Drilling Down on Vanguard's Active Multi-Factor ETF

About a year ago, Vanguard introduced its first actively managed exchange traded funds. The suite is comprised of five single-factor strategies and one multi-factor product, the Vanguard U.S. Multifactor ETF (CBOE: VFMF).

The new ETFs are seen as a stark contrast from the ETF provider’s “plain vanilla” products. Furthermore, while smart beta or factor-based ETF strategies are not uncommon, Vanguard has taken up the factor-based approach through an actively managed style as opposed to other factor options that follow a passive rules-based indexing methodology. With an active management team, these new Vanguard ETFs may be better able to adapt and monitor potential decays in their factor tilts over time.

VFMF seeks to provide long-term capital appreciation by investing in stocks with relatively strong recent performance, strong fundamentals and low prices relative to fundamentals. The fund’s advisor uses a quantitative model to deliver exposure to multiple investment factors.

“After applying an initial screen to remove the most volatile stocks in the universe, stocks are then selected according to their equally weighted ranking across three targeted factors; momentum- stocks that exhibit strong recent performance, quality- stocks that exhibit strong fundamentals, and value- stocks with low prices relative to fundamentals,” according to Vanguard.

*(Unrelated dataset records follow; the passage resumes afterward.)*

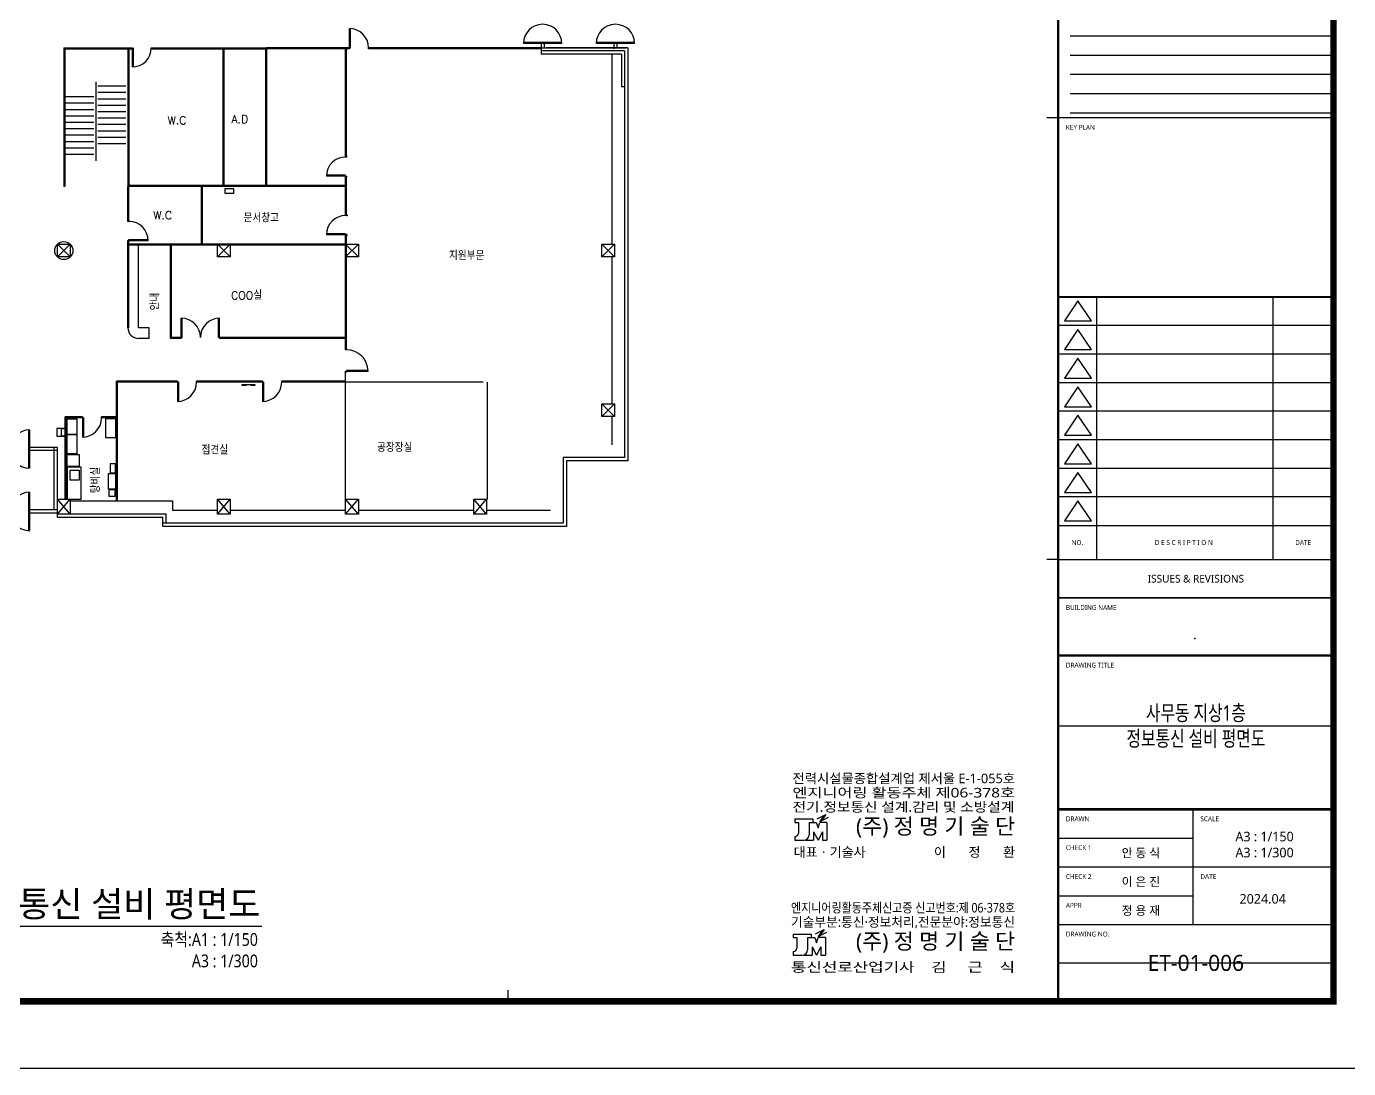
# Model space of a CAD drawing. Header units: millimetres. Extents: x -126150 to 252300, y 0 to 89100.
# Drawn here: x 61694 to 123627, y 0 to 48825 of the extents above; entities that cross this region are included whole.
import ezdxf
from ezdxf.enums import TextEntityAlignment as Align
from ezdxf.xclip import XClip

# ---------------------------------------------------------------- set-up
doc = ezdxf.new("R2010")
doc.units = ezdxf.units.MM
doc.header["$LTSCALE"] = 1500
doc.header["$XCLIPFRAME"] = 0
doc.linetypes.add('CEN', pattern=[62, 60, -1, 0, -1])
doc.layers.get('Defpoints').update_dxf_attribs({"color": 167})
for name, color, linetype in [('1', 1, 'Continuous'), ('arch', 8, 'Continuous'), ('SHT', 5, 'Continuous'), ('TEXT', 3, 'Continuous'), ('TIT', 2, 'Continuous'), ('XR-SHEET(통신)$0$WD', 6, 'Continuous'), ('XREF', 7, 'CEN')]:
    doc.layers.add(name, color=color, linetype=linetype)
doc.styles.add('arch', font='romans.shx', dxfattribs={"bigfont": 'GHS.SHX'})
doc.styles.add('GHS', font='malgun.ttf')
doc.styles.add('XR-SHEET$0$XR-SHEET$0$XREF-Form$0$맑은고딕', font='malgun.ttf')

# ---------------------------------------------------------------- blocks, each defined once
blk = doc.blocks.new('문틀3')
at = {"color": 0}
for p, q in [((-15, 32), (-15, -38)), ((13, 32), (-15, 32)), ((13, -18), (13, 32)), ((-15, -38), (25, -38)), ((25, -18), (13, -18)), ((25, -38), (25, -18))]:
    blk.add_line(p, q, dxfattribs=at)
blk = doc.blocks.new('XR-사무동', base_point=(461, 408.4))
at = {"layer": 'arch'}
h = blk.add_hatch(color=256, dxfattribs=at)
h.dxf.hatch_style = 1
h.paths.add_polyline_path([(56169.1, 22824.9), (56177.7, 22834.9), (56760.6, 22834.9), (56769.1, 22824.9)])
for p, q in [((69847.7, 44674.9), (69847.7, 45574.9)), ((69897.7, 44674.9), (69897.7, 45574.9)), ((56469.1, 44674.9), (56469.1, 38174.9)), ((56469.1, 44674.9), (59669.1, 44674.9)), ((56469.1, 44624.9), (59669.1, 44624.9)), ((56519.1, 44674.9), (56519.1, 38174.9)), ((59469.1, 44674.9), (59469.1, 38174.9)), ((59519.1, 44674.9), (59519.1, 38174.9)), ((59669.1, 44674.9), (59669.1, 43774.9)), ((59719.1, 44674.9), (59719.1, 43774.9)), ((60569.1, 44674.9), (65969.1, 44674.9)), ((60569.1, 44624.9), (65969.1, 44624.9)), ((63919.1, 44674.9), (63919.1, 38174.9)), ((63969.1, 44674.9), (63969.1, 38174.9)), ((65919.1, 44674.9), (65919.1, 38224.9)), ((65969.1, 44674.9), (65969.1, 38174.9)), ((69897.7, 44674.9), (65969.1, 44674.9)), ((69847.7, 44624.9), (65969.1, 44624.9)), ((69669.1, 39556.7), (69669.1, 44674.9)), ((69719.1, 39556.7), (69719.1, 44674.9)), ((78829.1, 44674.9), (70747.7, 44674.9)), ((78829.1, 44624.9), (70747.7, 44624.9)), ((79799.1, 44924.9), (77999.1, 44924.9)), ((79799.1, 44874.9), (77999.1, 44874.9)), ((78829.1, 44924.9), (78829.1, 44374.9)), ((78829.1, 44674.9), (82789.1, 44674.9)), ((78969.1, 44924.9), (78969.1, 44674.9)), ((82889.1, 44674.9), (79079.1, 44674.9)), ((83209.1, 44924.9), (81409.1, 44924.9)), ((83209.1, 44874.9), (81409.1, 44874.9)), ((82239.1, 44924.9), (82239.1, 44624.9)), ((82379.1, 44924.9), (82379.1, 44674.9)), ((82889.1, 44674.9), (82889.1, 25324.9)), ((82739.1, 44524.9), (78829.1, 44524.9)), ((82589.1, 44374.9), (78829.1, 44374.9)), ((82139.1, 44374.9), (82139.1, 35474.9)), ((82589.1, 44374.9), (82589.1, 42844.9)), ((82739.1, 44524.9), (82739.1, 25474.9)), ((57969.1, 43074.9), (57969.1, 39374.9)), ((59369.1, 42874.9), (58069.1, 42874.9)), ((82739.1, 42844.9), (82589.1, 42844.9)), ((57869.1, 42374.9), (56569.1, 42374.9)), ((59369.1, 42574.9), (58069.1, 42574.9)), ((59369.1, 42274.9), (58069.1, 42274.9)), ((57869.1, 42074.9), (56569.1, 42074.9)), ((57869.1, 41774.9), (56569.1, 41774.9)), ((59369.1, 41974.9), (58069.1, 41974.9)), ((59369.1, 41674.9), (58069.1, 41674.9)), ((57869.1, 41474.9), (56569.1, 41474.9)), ((57869.1, 41174.9), (56569.1, 41174.9)), ((59369.1, 41374.9), (58069.1, 41374.9)), ((59369.1, 41074.9), (58069.1, 41074.9)), ((57869.1, 40874.9), (56569.1, 40874.9)), ((57869.1, 40574.9), (56569.1, 40574.9)), ((57869.1, 40274.9), (56569.1, 40274.9)), ((59369.1, 40774.9), (58069.1, 40774.9)), ((59369.1, 40474.9), (58069.1, 40474.9)), ((57869.1, 39974.9), (56569.1, 39974.9)), ((57869.1, 39674.9), (56569.1, 39674.9)), ((59369.1, 40174.9), (58069.1, 40174.9)), ((69669.1, 38706.7), (68769.1, 38706.7)), ((69669.1, 38656.7), (68769.1, 38656.7)), ((69669.1, 36813), (69669.1, 38706.7)), ((69719.1, 36813), (69719.1, 38656.7)), ((56519.1, 38174.9), (56469.1, 38174.9)), ((65969.1, 38224.9), (59469.1, 38224.9)), ((65969.1, 38174.9), (59469.1, 38174.9)), ((59469.1, 36542), (59469.1, 38174.9)), ((59519.1, 36542), (59519.1, 38174.9)), ((62919.1, 35474.9), (62919.1, 38174.9)), ((62969.1, 35474.9), (62969.1, 38174.9)), ((69669.1, 38224.9), (65969.1, 38224.9)), ((69669.1, 38174.9), (65969.1, 38174.9)), ((69669.1, 35963), (68769.1, 35963)), ((69669.1, 35474.9), (69669.1, 35963)), ((59469.1, 31556.9), (59469.1, 35643.4)), ((59469.1, 35643.4), (60419.1, 35643.4)), ((59519.1, 31556.9), (59519.1, 35693.4)), ((59519.1, 35693.4), (60419.1, 35693.4)), ((69669.1, 35474.9), (59519.1, 35474.9)), ((69669.1, 35424.9), (59519.1, 35424.9)), ((59969.1, 31556.9), (59969.1, 35424.9)), ((61469.1, 31056.9), (61469.1, 35474.9)), ((61519.1, 31056.9), (61519.1, 35474.9)), ((69669.1, 35913), (68769.1, 35913)), ((69669.1, 30526), (69669.1, 35474.9)), ((69719.1, 35474.9), (69719.1, 35913)), ((69719.1, 30526), (69719.1, 35474.9)), ((82139.1, 34874.9), (82139.1, 27994.9)), ((61969.1, 31106.9), (61969.1, 32006.9)), ((62019.1, 31106.9), (62019.1, 32006.9)), ((63719.1, 31106.9), (63719.1, 32006.9)), ((63769.1, 31106.9), (63769.1, 32006.9)), ((59519.1, 31556.9), (59469.1, 31556.9)), ((60469.1, 31556.9), (59969.1, 31556.9)), ((60469.1, 31056.9), (59969.1, 31056.9)), ((60469.1, 31056.9), (60469.1, 31556.9)), ((62019.1, 31106.9), (61469.1, 31106.9)), ((61969.1, 31056.9), (61469.1, 31056.9)), ((69669.1, 31106.9), (63719.1, 31106.9)), ((69669.1, 31056.9), (63769.1, 31056.9)), ((69669.1, 23524.9), (69669.1, 29527.2)), ((69719.1, 29577.2), (70719.1, 29577.2)), ((69719.1, 29527.2), (70719.1, 29527.2)), ((58939.1, 23434.9), (58939.1, 29056.9)), ((61789.1, 29056.9), (58939.1, 29056.9)), ((58989.1, 23434.9), (58989.1, 29056.9)), ((61839.1, 29006.9), (58989.1, 29006.9)), ((61789.1, 29006.9), (61789.1, 28106.9)), ((61839.1, 29006.9), (61839.1, 28106.9)), ((65775.1, 29056.9), (62689.1, 29056.9)), ((65775.1, 29006.9), (62689.1, 29006.9)), ((65825.1, 29006.9), (65775.1, 29006.9)), ((65775.1, 29006.9), (65775.1, 28106.9)), ((65825.1, 29006.9), (65825.1, 28106.9)), ((69669.1, 29056.9), (66675.1, 29056.9)), ((76116.1, 29006.9), (66675.1, 29006.9)), ((76319.1, 23524.9), (76319.1, 29006.9)), ((56539.1, 23524.9), (56539.1, 27384.9)), ((57339.1, 27384.9), (56539.1, 27384.9)), ((57389.1, 27334.9), (56539.1, 27334.9)), ((56589.1, 23524.9), (56589.1, 27384.9)), ((57339.1, 27334.9), (57339.1, 26434.9)), ((57389.1, 27334.9), (57389.1, 26434.9)), ((58939.1, 27384.9), (58239.1, 27384.9)), ((58939.1, 27334.9), (58239.1, 27334.9)), ((82139.1, 27394.9), (82139.1, 26074.9)), ((82889.1, 27394.9), (82889.1, 25474.9)), ((54819.1, 26774.9), (54819.1, 24974.9)), ((54869.1, 26774.9), (54869.1, 24974.9)), ((56169.1, 25949.9), (54819.1, 25949.9)), ((56169.1, 25799.9), (54819.1, 25799.9)), ((56019.1, 23024.9), (56019.1, 25949.9)), ((56169.1, 22684.9), (56169.1, 25949.9)), ((82739.1, 25474.9), (79869.1, 25474.9)), ((79869.1, 25474.9), (79869.1, 22394.9)), ((82889.1, 25324.9), (80019.1, 25324.9)), ((80019.1, 25324.9), (80019.1, 22244.9)), ((54819.1, 23849.9), (54819.1, 22049.9)), ((54869.1, 23849.9), (54869.1, 22049.9)), ((56169.1, 23024.9), (54819.1, 23024.9)), ((56169.1, 22824.9), (56769.1, 23524.9)), ((56769.1, 22824.9), (56169.1, 23524.9)), ((61569.1, 23434.9), (56769.1, 23434.9)), ((61569.1, 22994.9), (61569.1, 23434.9)), ((63669.1, 22994.9), (61569.1, 22994.9)), ((63669.1, 22824.9), (64269.1, 23524.9)), ((64269.1, 22824.9), (63669.1, 23524.9)), ((69669.1, 22994.9), (64269.1, 22994.9)), ((69669.1, 22824.9), (70269.1, 23524.9)), ((70269.1, 22824.9), (69669.1, 23524.9)), ((75669.1, 22994.9), (70269.1, 22994.9)), ((75669.1, 22824.9), (76269.1, 23524.9)), ((76269.1, 22824.9), (75669.1, 23524.9)), ((79269.1, 22994.9), (76269.1, 22994.9)), ((56169.1, 22874.9), (54819.1, 22874.9)), ((56169.1, 22834.9), (61266.7, 22834.9)), ((56169.1, 22684.9), (61116.7, 22684.9)), ((61114.1, 22244.9), (61114.1, 22684.9)), ((79869.1, 22394.9), (61114.1, 22394.9)), ((61266.7, 22394.9), (61266.7, 22834.9)), ((80019.1, 22244.9), (61114.1, 22244.9))]:
    blk.add_line(p, q, dxfattribs=at)
at = {"layer": 'arch', "linetype": 'ByBlock'}
for p, q in [((56169.1, 34874.9), (56769.1, 35474.9)), ((56169.1, 35474.9), (56769.1, 34874.9)), ((63669.1, 34874.9), (64269.1, 35474.9)), ((63669.1, 35474.9), (64269.1, 34874.9)), ((69669.1, 34874.9), (70269.1, 35474.9)), ((69669.1, 35474.9), (70269.1, 34874.9)), ((81669.1, 34874.9), (82269.1, 35474.9)), ((81669.1, 35474.9), (82269.1, 34874.9)), ((81669.1, 27394.9), (82269.1, 27994.9)), ((81669.1, 27994.9), (82269.1, 27394.9))]:
    blk.add_line(p, q, dxfattribs=at)
at = {"layer": 'arch'}
for points in [[(69797.7, 44674.9), (69847.7, 44674.9), (69847.7, 44624.9), (69797.7, 44624.9)], [(70747.7, 44674.9), (70797.7, 44674.9), (70797.7, 44624.9), (70747.7, 44624.9)], [(69669.1, 39606.7), (69719.1, 39606.7), (69719.1, 39556.7), (69669.1, 39556.7)], [(69669.1, 38656.7), (69719.1, 38656.7), (69719.1, 38606.7), (69669.1, 38606.7)], [(64023.8, 38085.1), (64423.8, 38085.1), (64423.8, 37845.1), (64023.8, 37845.1)], [(59469.1, 36592), (59519.1, 36592), (59519.1, 36542), (59469.1, 36542)], [(59469.1, 35643.4), (59519.1, 35643.4), (59519.1, 35593.4), (59469.1, 35593.4)], [(61919.1, 31106.9), (61969.1, 31106.9), (61969.1, 31056.9), (61919.1, 31056.9)], [(63769.1, 31106.9), (63819.1, 31106.9), (63819.1, 31056.9), (63769.1, 31056.9)], [(69669.1, 30576), (69719.1, 30576), (69719.1, 30526), (69669.1, 30526)], [(69669.1, 29527.2), (69719.1, 29527.2), (69719.1, 29477.2), (69669.1, 29477.2)], [(61739.1, 29056.9), (61789.1, 29056.9), (61789.1, 29006.9), (61739.1, 29006.9)], [(62689.1, 29056.9), (62739.1, 29056.9), (62739.1, 29006.9), (62689.1, 29006.9)], [(65725.1, 29056.9), (65775.1, 29056.9), (65775.1, 29006.9), (65725.1, 29006.9)], [(66675.1, 29056.9), (66725.1, 29056.9), (66725.1, 29006.9), (66675.1, 29006.9)], [(57082.8, 26555.1), (56632.8, 26555.1), (56632.8, 27295.1), (57082.8, 27295.1)], [(57289.1, 27384.9), (57339.1, 27384.9), (57339.1, 27334.9), (57289.1, 27334.9)], [(58239.1, 27384.9), (58289.1, 27384.9), (58289.1, 27334.9), (58239.1, 27334.9)], [(58435.2, 27306.8), (58885.2, 27306.8), (58885.2, 26406.8), (58435.2, 26406.8)], [(56539.1, 26844.9), (56139.1, 26844.9), (56139.1, 26484.9), (56539.1, 26484.9)], [(56359.1, 26844.9), (56539.1, 26844.9), (56539.1, 26484.9), (56359.1, 26484.9)], [(56632.8, 26555.1), (57082.8, 26555.1), (57082.8, 25655.1), (56632.8, 25655.1)], [(57189.2, 25059.1), (56629.2, 25059.1), (56629.2, 25619.1), (57189.2, 25619.1)], [(56625.4, 23524.9), (57285.4, 23524.9), (57285.4, 25024.9), (56625.4, 25024.9)], [(56774.6, 24890), (57189.7, 24890), (57189.7, 24422.6), (56774.6, 24422.6)], [(58896.7, 25184.7), (58646.7, 25184.7), (58646.7, 24754.7), (58896.7, 24754.7)], [(58566.7, 24726), (58896.7, 24726), (58896.7, 23996), (58566.7, 23996)], [(58876, 23971.3), (58576, 23971.3), (58576, 23671.3), (58876, 23671.3)], [(56169.1, 23524.9), (56769.1, 23524.9), (56769.1, 22824.9), (56169.1, 22824.9)], [(63669.1, 23524.9), (64269.1, 23524.9), (64269.1, 22824.9), (63669.1, 22824.9)], [(69669.1, 23524.9), (70269.1, 23524.9), (70269.1, 22824.9), (69669.1, 22824.9)], [(75669.1, 23524.9), (76269.1, 23524.9), (76269.1, 22824.9), (75669.1, 22824.9)]]:
    blk.add_lwpolyline(points, close=True, dxfattribs=at)
at = {"layer": 'arch', "linetype": 'ByBlock'}
for points in [[(56169.1, 35474.9), (56769.1, 35474.9), (56769.1, 34874.9), (56169.1, 34874.9)], [(63669.1, 35474.9), (64269.1, 35474.9), (64269.1, 34874.9), (63669.1, 34874.9)], [(69669.1, 35474.9), (70269.1, 35474.9), (70269.1, 34874.9), (69669.1, 34874.9)], [(81669.1, 35474.9), (82269.1, 35474.9), (82269.1, 34874.9), (81669.1, 34874.9)], [(81669.1, 27994.9), (82269.1, 27994.9), (82269.1, 27394.9), (81669.1, 27394.9)]]:
    blk.add_lwpolyline(points, close=True, dxfattribs=at)
at = {"layer": 'arch'}
blk.add_lwpolyline([(65022.9, 28846.6), (64822.9, 28846.6), (64822.9, 28896.6), (65422.9, 28896.6), (65422.9, 28846.6), (65222.9, 28846.6)], dxfattribs=at)
blk.add_circle((56469.1, 35174.9), 424.3, dxfattribs=at)
for centre, radius, start, end in [((69847.7, 44674.9), 900, 0, 90), ((78899.1, 44874.9), 900, 0, 180), ((82309.1, 44874.9), 900, 0, 180), ((59669.1, 44674.9), 900, 270, 0), ((69669.1, 38656.7), 900, 90, 180), ((59519.1, 35643.4), 900, 0, 90), ((69669.1, 35913), 900, 90, 180), ((61969.1, 31106.9), 900, 0, 90), ((63769.1, 31106.9), 900, 90, 180), ((59969.1, 31556.9), 500, 180, 270), ((69719.1, 29527.2), 1000, 0, 90), ((61789.1, 29006.9), 900, 270, 0), ((65775.1, 29006.9), 900, 270, 0), ((57339.1, 27334.9), 900, 270, 0), ((54869.1, 25874.9), 900, 90, 270), ((54869.1, 22949.9), 900, 90, 270)]:
    blk.add_arc(centre, radius, start, end, dxfattribs=at)
at = {"layer": 'arch', "xscale": -1, "rotation": 89.99999999999994}
blk.add_blockref('문틀3', (69701.5, 36825.6), dxfattribs=at)
at = {"layer": 'arch', "rotation": 90}
blk.add_blockref('문틀3', (69701.5, 35900.3), dxfattribs=at)
at = {"layer": 'arch', "style": 'arch'}
for s, p in [('A.D', (64321.6, 41142.5)), ('W.C', (61332.4, 41086.7)), ('W.C', (60660.6, 36640.2)), ('문서창고', (64893.2, 36504.7)), ('지원부문 ', (74514.5, 34743.7)), ('COO실', (64302, 32886)), ('접견실', (62925.2, 25633.6)), ('공장장실', (71141.1, 25749.4))]:
    blk.add_text(s, height=375, dxfattribs=at).set_placement(p)
for s, p in [('안내', (60939.7, 32369.7)), ('탕비실', (58156, 23798.5))]:
    blk.add_text(s, height=375, rotation=90, dxfattribs=at).set_placement(p)
blk = doc.blocks.new('XR-FORM-ET', base_point=(461, 408))
at = {"layer": 'Defpoints', "linetype": 'Continuous', "ltscale": 2}
for p, q in [((146700, 21417), (163900, 21417)), ((146700, 6600), (163900, 6600))]:
    blk.add_line(p, q, dxfattribs=at)
for points in [[(147457, 64511), (163900, 64511)], [(147457, 64511), (163900, 64511)], [(147457, 63311), (163900, 63311)], [(147457, 63311), (163900, 63311)], [(147457, 62111), (163900, 62111)], [(147457, 62111), (163900, 62111)], [(147457, 60911), (163900, 60911)], [(147457, 60911), (163900, 60911)], [(147457, 59711), (163900, 59711)]]:
    blk.add_lwpolyline(points, dxfattribs=at)
for p in [(155200, 21417, -2754), (155200, 6600, -2754)]:
    blk.add_point(p, dxfattribs=at)
at = {"layer": 'SHT', "color": 171}
for p, q in [((146700, 59400), (146000, 59400)), ((146700, 31800), (146000, 31800)), ((112350, 4200), (112350, 4900))]:
    blk.add_line(p, q, dxfattribs=at)
at = {"layer": 'SHT'}
for p, q in [((163900, 59400), (146700, 59400)), ((163900, 48198), (146700, 48198)), ((149100, 48198), (149100, 31800)), ((160100, 48198), (160100, 31800)), ((163900, 46413), (146700, 46413)), ((163900, 44628), (146700, 44628)), ((163900, 42844), (146700, 42844)), ((163900, 41059), (146700, 41059)), ((163900, 39274), (146700, 39274)), ((163900, 37489), (146700, 37489)), ((163900, 35705), (146700, 35705)), ((146700, 33920), (163900, 33920)), ((146700, 31800), (163900, 31800)), ((146700, 25800), (163900, 25800)), ((155100, 16200), (155100, 9000)), ((146700, 14400), (155100, 14400)), ((146700, 12600), (163900, 12600)), ((146700, 10800), (155100, 10800)), ((146700, 9000), (163900, 9000))]:
    blk.add_line(p, q, dxfattribs=at)
blk.add_lwpolyline([(0, 118800), (168200, 118800), (168200, 0), (0, 0)], close=True, dxfattribs=at)
at = {"layer": 'SHT', "const_width": 400}
blk.add_lwpolyline([(9300, 114600), (163900, 114600), (163900, 4200), (9300, 4200)], close=True, dxfattribs=at)
at = {"layer": 'SHT'}
for points, const_width in [([(146700, 114600), (146700, 4200)], 160), ([(146700, 48198), (163900, 48198)], 114), ([(146700, 29400), (163900, 29400)], 114), ([(146700, 25800), (163900, 25800)], 160), ([(146700, 25800), (163900, 25800)], 140), ([(146700, 16200), (163900, 16200)], 160)]:
    blk.add_lwpolyline(points, dxfattribs=dict(at, const_width=const_width))
at = {"layer": 'SHT', "linetype": 'Continuous', "ltscale": 2}
blk.add_lwpolyline([(147457, 59711), (163900, 59711)], dxfattribs=at)
at = {"layer": 'SHT', "linetype": 'Continuous', "flags": 128}
for points in [[(147937, 47949), (147097, 46700), (148777, 46700)], [(147937, 46165), (147097, 44915), (148777, 44915)], [(147937, 44380), (147097, 43131), (148777, 43131)], [(147937, 42595), (147097, 41346), (148777, 41346)], [(147937, 40810), (147097, 39561), (148777, 39561)], [(147937, 39026), (147097, 37776), (148777, 37776)], [(147937, 37241), (147097, 35992), (148777, 35992)], [(147937, 35456), (147097, 34207), (148777, 34207)]]:
    blk.add_lwpolyline(points, close=True, dxfattribs=at)
at = {"layer": 'SHT'}
for p in [(155226, 26855), (155300, 6600, -2754)]:
    blk.add_point(p, dxfattribs=at)
at = {"layer": 'XR-SHEET(통신)$0$WD', "color": 4}
for p, q in [((131641, 15594), (132187, 15864)), ((132077, 15810), (131805, 15443)), ((131805, 15443), (132351, 15713)), ((132187, 15864), (131915, 15497)), ((131916, 15592), (132066, 15701)), ((131943, 15629), (132093, 15738)), ((131971, 15667), (132121, 15775)), ((131999, 15704), (132149, 15813)), ((132026, 15741), (132176, 15850)), ((132054, 15778), (132141, 15842)), ((130248, 15590), (130248, 15367)), ((130248, 15590), (131366, 15590)), ((130248, 15367), (130472, 15367)), ((130472, 15367), (130472, 14705)), ((131142, 15367), (131142, 14605)), ((131142, 15367), (131589, 15367)), ((131366, 15590), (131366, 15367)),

VFMF holds nearly 550 stocks with a median market value of $7.6 billion, giving the fund a mid-cap tilt, but VFMF’s holdings can be pulled from the large-, mid- and small-cap universes.

Inside VFMF

VFMF “diversifies across the value, momentum, and quality factors, which can reduce the risk of underperformance because these factors tend to pay off at different times,” said Morningstar in a recent note. “It excludes liquidity partially because it would increase transaction costs when combined with a higher-turnover factor, like momentum.”